== What to do ==
The answer must consist solely of the lines from the start of the records through the line containing "# Model space", restated word for word, with no pictures.

== Information shown ==
_____
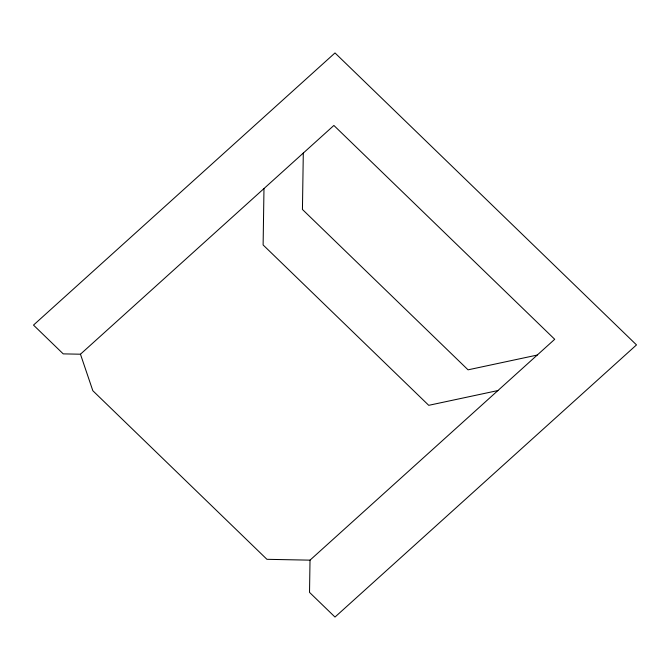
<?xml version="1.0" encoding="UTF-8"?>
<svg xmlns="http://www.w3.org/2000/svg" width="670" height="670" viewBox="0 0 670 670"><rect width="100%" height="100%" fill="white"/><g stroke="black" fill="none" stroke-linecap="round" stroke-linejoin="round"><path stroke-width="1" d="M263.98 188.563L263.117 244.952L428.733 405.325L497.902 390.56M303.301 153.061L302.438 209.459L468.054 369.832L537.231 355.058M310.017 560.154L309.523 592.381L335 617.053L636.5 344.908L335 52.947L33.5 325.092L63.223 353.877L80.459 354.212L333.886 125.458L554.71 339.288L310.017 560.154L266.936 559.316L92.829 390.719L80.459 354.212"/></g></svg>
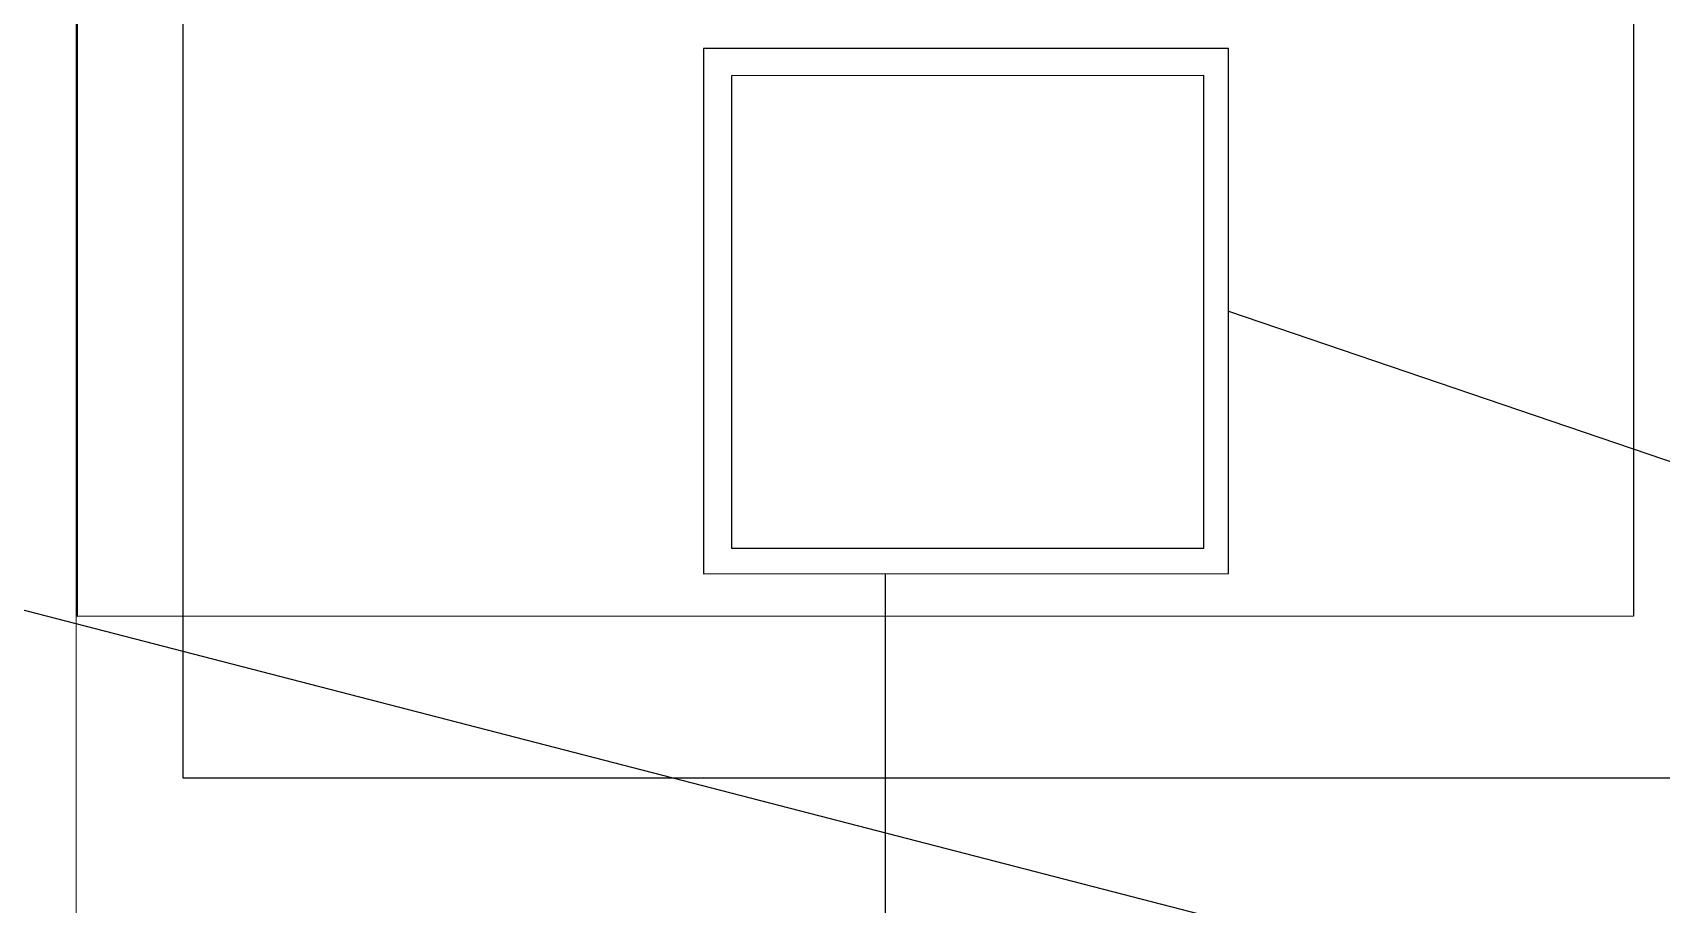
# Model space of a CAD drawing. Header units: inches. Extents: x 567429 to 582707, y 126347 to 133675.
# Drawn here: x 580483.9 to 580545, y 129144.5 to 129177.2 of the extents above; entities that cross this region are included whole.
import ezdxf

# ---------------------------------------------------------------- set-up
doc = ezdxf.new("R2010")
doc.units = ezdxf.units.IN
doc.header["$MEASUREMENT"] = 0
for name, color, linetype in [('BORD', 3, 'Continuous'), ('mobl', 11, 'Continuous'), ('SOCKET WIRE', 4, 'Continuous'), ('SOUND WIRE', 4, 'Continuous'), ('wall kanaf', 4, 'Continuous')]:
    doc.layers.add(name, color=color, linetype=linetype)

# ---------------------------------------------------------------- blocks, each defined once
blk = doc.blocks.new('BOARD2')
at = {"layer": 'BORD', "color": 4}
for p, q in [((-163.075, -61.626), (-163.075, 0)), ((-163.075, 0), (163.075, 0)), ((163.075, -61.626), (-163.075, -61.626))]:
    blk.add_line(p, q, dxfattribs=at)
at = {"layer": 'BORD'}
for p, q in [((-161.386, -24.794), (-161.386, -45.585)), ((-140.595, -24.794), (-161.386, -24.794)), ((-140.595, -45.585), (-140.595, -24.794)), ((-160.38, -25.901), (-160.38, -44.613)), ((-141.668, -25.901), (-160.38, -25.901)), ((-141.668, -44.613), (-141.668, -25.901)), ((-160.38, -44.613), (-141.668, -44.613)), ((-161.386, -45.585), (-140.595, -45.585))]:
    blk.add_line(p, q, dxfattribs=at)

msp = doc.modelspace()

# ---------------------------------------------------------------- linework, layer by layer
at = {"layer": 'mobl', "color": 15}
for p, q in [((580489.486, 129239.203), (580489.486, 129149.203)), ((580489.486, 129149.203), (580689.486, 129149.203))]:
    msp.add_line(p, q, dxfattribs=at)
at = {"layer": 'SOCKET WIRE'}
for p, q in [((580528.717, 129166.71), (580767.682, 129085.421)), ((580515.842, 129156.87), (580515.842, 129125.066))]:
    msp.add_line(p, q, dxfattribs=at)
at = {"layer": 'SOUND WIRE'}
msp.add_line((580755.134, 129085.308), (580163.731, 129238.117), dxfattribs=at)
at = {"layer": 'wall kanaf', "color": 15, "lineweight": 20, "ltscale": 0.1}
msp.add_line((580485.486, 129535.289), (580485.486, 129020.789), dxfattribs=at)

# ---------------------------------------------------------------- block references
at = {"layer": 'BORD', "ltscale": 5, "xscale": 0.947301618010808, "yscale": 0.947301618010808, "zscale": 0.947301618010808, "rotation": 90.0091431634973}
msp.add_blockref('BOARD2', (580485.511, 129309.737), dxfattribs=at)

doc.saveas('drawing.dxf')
_____
== Response to the task ==
<?xml version="1.0" encoding="UTF-8"?>
<svg xmlns="http://www.w3.org/2000/svg" width="670" height="670" viewBox="0 0 670 670"><rect width="100%" height="100%" fill="white"/><g stroke="black" fill="none" stroke-linecap="round" stroke-linejoin="round"><path stroke-width="1" d="M263.98 188.563L263.117 244.952L428.733 405.325L497.902 390.56M303.301 153.061L302.438 209.459L468.054 369.832L537.231 355.058M310.017 560.154L309.523 592.381L335 617.053L636.5 344.908L335 52.947L33.5 325.092L63.223 353.877L80.459 354.212L333.886 125.458L554.71 339.288L310.017 560.154L266.936 559.316L92.829 390.719L80.459 354.212"/></g></svg>
# Model space of a CAD drawing. Header units: inches. Extents: x 567429 to 582707, y 126347 to 133675.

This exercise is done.